§ **DATA LISTING**:
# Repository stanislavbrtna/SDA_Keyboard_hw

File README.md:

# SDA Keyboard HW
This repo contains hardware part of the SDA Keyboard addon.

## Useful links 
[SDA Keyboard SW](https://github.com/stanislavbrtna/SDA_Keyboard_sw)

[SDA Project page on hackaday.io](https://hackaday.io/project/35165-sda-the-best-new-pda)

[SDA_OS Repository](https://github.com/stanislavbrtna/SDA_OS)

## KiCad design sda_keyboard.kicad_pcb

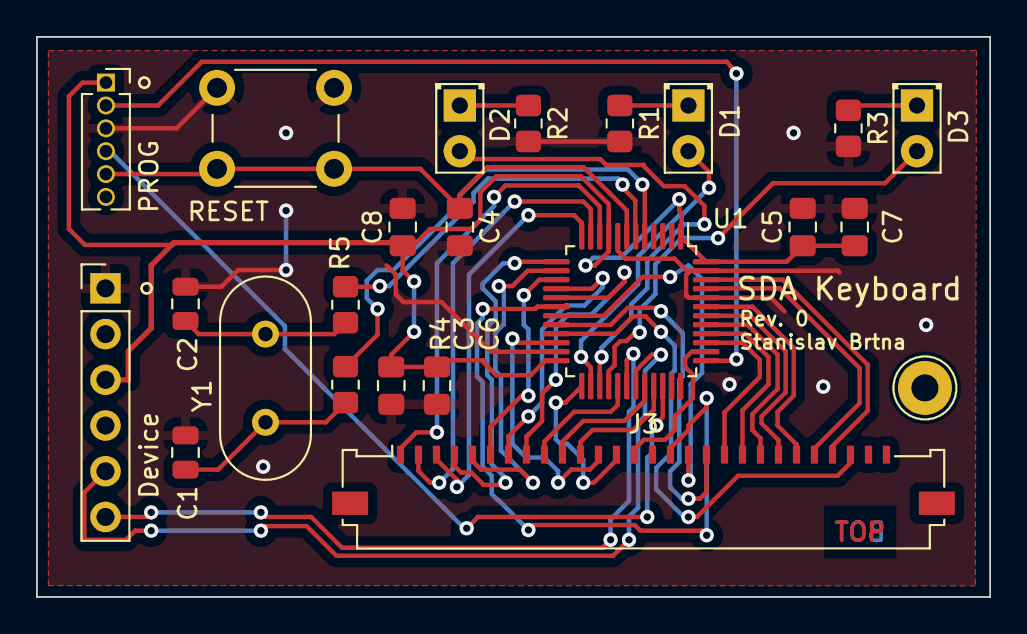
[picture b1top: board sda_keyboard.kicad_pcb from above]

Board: 2 copper layers, 53.0 x 31.1 mm, 22 parts (0 on the bottom side), 42 nets.

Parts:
C1, C2: C; C_0805_2012Metric
C3, C4, C5: 100n; C_0805_2012Metric_Pad1.18x1.45mm_HandSolder
C6: 10n; C_0805_2012Metric_Pad1.18x1.45mm_HandSolder
C7: 4.7u; C_0805_2012Metric_Pad1.18x1.45mm_HandSolder
C8: 1u; C_0805_2012Metric_Pad1.18x1.45mm_HandSolder
D1, D2, D3: LED; LED_D2.0mm_W4.8mm_H2.5mm_FlatTop
Device: Device_conn; PinHeader_1x06_P2.54mm_Vertical
J3: Conn_01x28; Molex_200528-0280_1x28-1MP_P1.00mm_Horizontal
PROG: Prog; PinSocket_1x06_P1.27mm_Vertical
R1, R2, R3, R4, R5: R; R_0805_2012Metric_Pad1.20x1.40mm_HandSolder
RESET: RESET; SW_PUSH_6mm_H9.5mm
U1: STM32F051C8Tx; LQFP-48_7x7mm_P0.5mm
Y1: Crystal; Crystal_HC18-U_Vertical

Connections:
+3.3V: C3.1, C5.1, C6.1, C7.1, C8.1, Device.3, PROG.1, U1.1 (VBAT), U1.9 (VDDA), U1.24 (VDD), U1.48 (VDD)
Conn_RX: Device.6, U1.30 (PA9)
Conn_Tx: Device.5, U1.31 (PA10)
GND: C1.2, C2.2, C3.2, C4.2, C5.2, C6.2, C7.2, C8.2, Device.1, PROG.3, R1.2, R2.2, R3.2, RESET.1, U1.8 (VSSA), U1.23 (VSS), U1.44 (BOOT0), U1.47 (VSS)
Kbd_01: J3.1, U1.10 (PA0)
Kbd_02: J3.2, U1.11 (PA1)
Kbd_03: J3.3, U1.12 (PA2)
Kbd_04: J3.4, U1.13 (PA3)
Kbd_05: J3.5, U1.14 (PA4)
Kbd_06: J3.6, U1.15 (PA5)
Kbd_07: J3.7, U1.16 (PA6)
Kbd_08: J3.8, U1.17 (PA7)
Kbd_09: J3.9, U1.29 (PA8)
Kbd_10: J3.10, U1.32 (PA11)
Kbd_11: J3.11, U1.33 (PA12)
Kbd_12: J3.12, U1.22 (PB11)
Kbd_13: J3.13, U1.25 (PB12)
Kbd_14: J3.14, U1.38 (PA15)
Kbd_15: J3.16, U1.18 (PB0)
Kbd_16: J3.17, U1.19 (PB1)
Kbd_17: J3.18, U1.20 (PB2)
Kbd_18: J3.19, U1.39 (PB3)
Kbd_19: J3.20, U1.40 (PB4)
Kbd_20: J3.21, U1.41 (PB5)
Kbd_21: J3.22, U1.42 (PB6)
Kbd_22: J3.23, U1.43 (PB7)
Kbd_23: J3.24, U1.45 (PB8)
Kbd_24: J3.25, U1.46 (PB9)
Kbd_25: J3.26, U1.21 (PB10)
Led_01: D1.2 (A), U1.26 (PB13)
Led_02: D2.2 (A), U1.27 (PB14)
Led_03: D3.2 (A), U1.28 (PB15)
unnamed: C1.1, R4.2, Y1.1
unnamed: C2.1, R5.2, Y1.2
unnamed: D1.1 (K), R1.1
unnamed: D2.1 (K), R2.1
unnamed: D3.1 (K), R3.1
unnamed: R4.1, U1.5 (PF0)
unnamed: R5.1, U1.6 (PF1)
RESET: C4.1, PROG.5, RESET.2, U1.7 (NRST)
SWD_TCK: PROG.2, U1.37 (PA14)
SWD_TMS: PROG.4, U1.34 (PA13)

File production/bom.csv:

Designator,Footprint,Quantity,Value,LCSC Part #
C1,0805,1,C,
C2,0805,1,C,
C3,0805,1,100n,
C4,0805,1,100n,
C5,0805,1,100n,
C6,0805,1,10n,
C7,0805,1,4.7u,
C8,0805,1,1u,
"D1, D2, D3",LED_D2.0mm_W4.8mm_H2.5mm_FlatTop,3,LED,
Device,PinHeader_1x06_P2.54mm_Vertical,1,Device_conn,
J3,Molex_200528-0280_1x28-1MP_P1.00mm_Horizontal,1,Conn_01x28,
PROG,PinSocket_1x06_P1.27mm_Vertical,1,Prog,
R1,0805,1,R,
R2,0805,1,R,
R3,0805,1,R,
R4,0805,1,R,
R5,0805,1,R,
RESET,SW_PUSH_6mm_H9.5mm,1,RESET,
U1,LQFP-48_7x7mm_P0.5mm,1,STM32F051C8Tx,
Y1,Crystal_HC18-U_Vertical,1,Crystal,

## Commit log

2023-06-25 readme added

§ **WORK INSTRUCTIONS**:
Output the data verbatim, images excluded.

§ **EXERCISE RESULT**:
# Repository stanislavbrtna/SDA_Keyboard_hw

File README.md:

# SDA Keyboard HW
This repo contains hardware part of the SDA Keyboard addon.

## Useful links 
[SDA Keyboard SW](https://github.com/stanislavbrtna/SDA_Keyboard_sw)

[SDA Project page on hackaday.io](https://hackaday.io/project/35165-sda-the-best-new-pda)

[SDA_OS Repository](https://github.com/stanislavbrtna/SDA_OS)

## KiCad design sda_keyboard.kicad_pcb

[picture b1top: board sda_keyboard.kicad_pcb from above]

Board: 2 copper layers, 53.0 x 31.1 mm, 22 parts (0 on the bottom side), 42 nets.

Parts:
C1, C2: C; C_0805_2012Metric
C3, C4, C5: 100n; C_0805_2012Metric_Pad1.18x1.45mm_HandSolder
C6: 10n; C_0805_2012Metric_Pad1.18x1.45mm_HandSolder
C7: 4.7u; C_0805_2012Metric_Pad1.18x1.45mm_HandSolder
C8: 1u; C_0805_2012Metric_Pad1.18x1.45mm_HandSolder
D1, D2, D3: LED; LED_D2.0mm_W4.8mm_H2.5mm_FlatTop
Device: Device_conn; PinHeader_1x06_P2.54mm_Vertical
J3: Conn_01x28; Molex_200528-0280_1x28-1MP_P1.00mm_Horizontal
PROG: Prog; PinSocket_1x06_P1.27mm_Vertical
R1, R2, R3, R4, R5: R; R_0805_2012Metric_Pad1.20x1.40mm_HandSolder
RESET: RESET; SW_PUSH_6mm_H9.5mm
U1: STM32F051C8Tx; LQFP-48_7x7mm_P0.5mm
Y1: Crystal; Crystal_HC18-U_Vertical

Connections:
+3.3V: C3.1, C5.1, C6.1, C7.1, C8.1, Device.3, PROG.1, U1.1 (VBAT), U1.9 (VDDA), U1.24 (VDD), U1.48 (VDD)
Conn_RX: Device.6, U1.30 (PA9)
Conn_Tx: Device.5, U1.31 (PA10)
GND: C1.2, C2.2, C3.2, C4.2, C5.2, C6.2, C7.2, C8.2, Device.1, PROG.3, R1.2, R2.2, R3.2, RESET.1, U1.8 (VSSA), U1.23 (VSS), U1.44 (BOOT0), U1.47 (VSS)
Kbd_01: J3.1, U1.10 (PA0)
Kbd_02: J3.2, U1.11 (PA1)
Kbd_03: J3.3, U1.12 (PA2)
Kbd_04: J3.4, U1.13 (PA3)
Kbd_05: J3.5, U1.14 (PA4)
Kbd_06: J3.6, U1.15 (PA5)
Kbd_07: J3.7, U1.16 (PA6)
Kbd_08: J3.8, U1.17 (PA7)
Kbd_09: J3.9, U1.29 (PA8)
Kbd_10: J3.10, U1.32 (PA11)
Kbd_11: J3.11, U1.33 (PA12)
Kbd_12: J3.12, U1.22 (PB11)
Kbd_13: J3.13, U1.25 (PB12)
Kbd_14: J3.14, U1.38 (PA15)
Kbd_15: J3.16, U1.18 (PB0)
Kbd_16: J3.17, U1.19 (PB1)
Kbd_17: J3.18, U1.20 (PB2)
Kbd_18: J3.19, U1.39 (PB3)
Kbd_19: J3.20, U1.40 (PB4)
Kbd_20: J3.21, U1.41 (PB5)
Kbd_21: J3.22, U1.42 (PB6)
Kbd_22: J3.23, U1.43 (PB7)
Kbd_23: J3.24, U1.45 (PB8)
Kbd_24: J3.25, U1.46 (PB9)
Kbd_25: J3.26, U1.21 (PB10)
Led_01: D1.2 (A), U1.26 (PB13)
Led_02: D2.2 (A), U1.27 (PB14)
Led_03: D3.2 (A), U1.28 (PB15)
unnamed: C1.1, R4.2, Y1.1
unnamed: C2.1, R5.2, Y1.2
unnamed: D1.1 (K), R1.1
unnamed: D2.1 (K), R2.1
unnamed: D3.1 (K), R3.1
unnamed: R4.1, U1.5 (PF0)
unnamed: R5.1, U1.6 (PF1)
RESET: C4.1, PROG.5, RESET.2, U1.7 (NRST)
SWD_TCK: PROG.2, U1.37 (PA14)
SWD_TMS: PROG.4, U1.34 (PA13)

File production/bom.csv:

Designator,Footprint,Quantity,Value,LCSC Part #
C1,0805,1,C,
C2,0805,1,C,
C3,0805,1,100n,
C4,0805,1,100n,
C5,0805,1,100n,
C6,0805,1,10n,
C7,0805,1,4.7u,
C8,0805,1,1u,
"D1, D2, D3",LED_D2.0mm_W4.8mm_H2.5mm_FlatTop,3,LED,
Device,PinHeader_1x06_P2.54mm_Vertical,1,Device_conn,
J3,Molex_200528-0280_1x28-1MP_P1.00mm_Horizontal,1,Conn_01x28,
PROG,PinSocket_1x06_P1.27mm_Vertical,1,Prog,
R1,0805,1,R,
R2,0805,1,R,
R3,0805,1,R,
R4,0805,1,R,
R5,0805,1,R,
RESET,SW_PUSH_6mm_H9.5mm,1,RESET,
U1,LQFP-48_7x7mm_P0.5mm,1,STM32F051C8Tx,
Y1,Crystal_HC18-U_Vertical,1,Crystal,

## Commit log

2023-06-25 readme added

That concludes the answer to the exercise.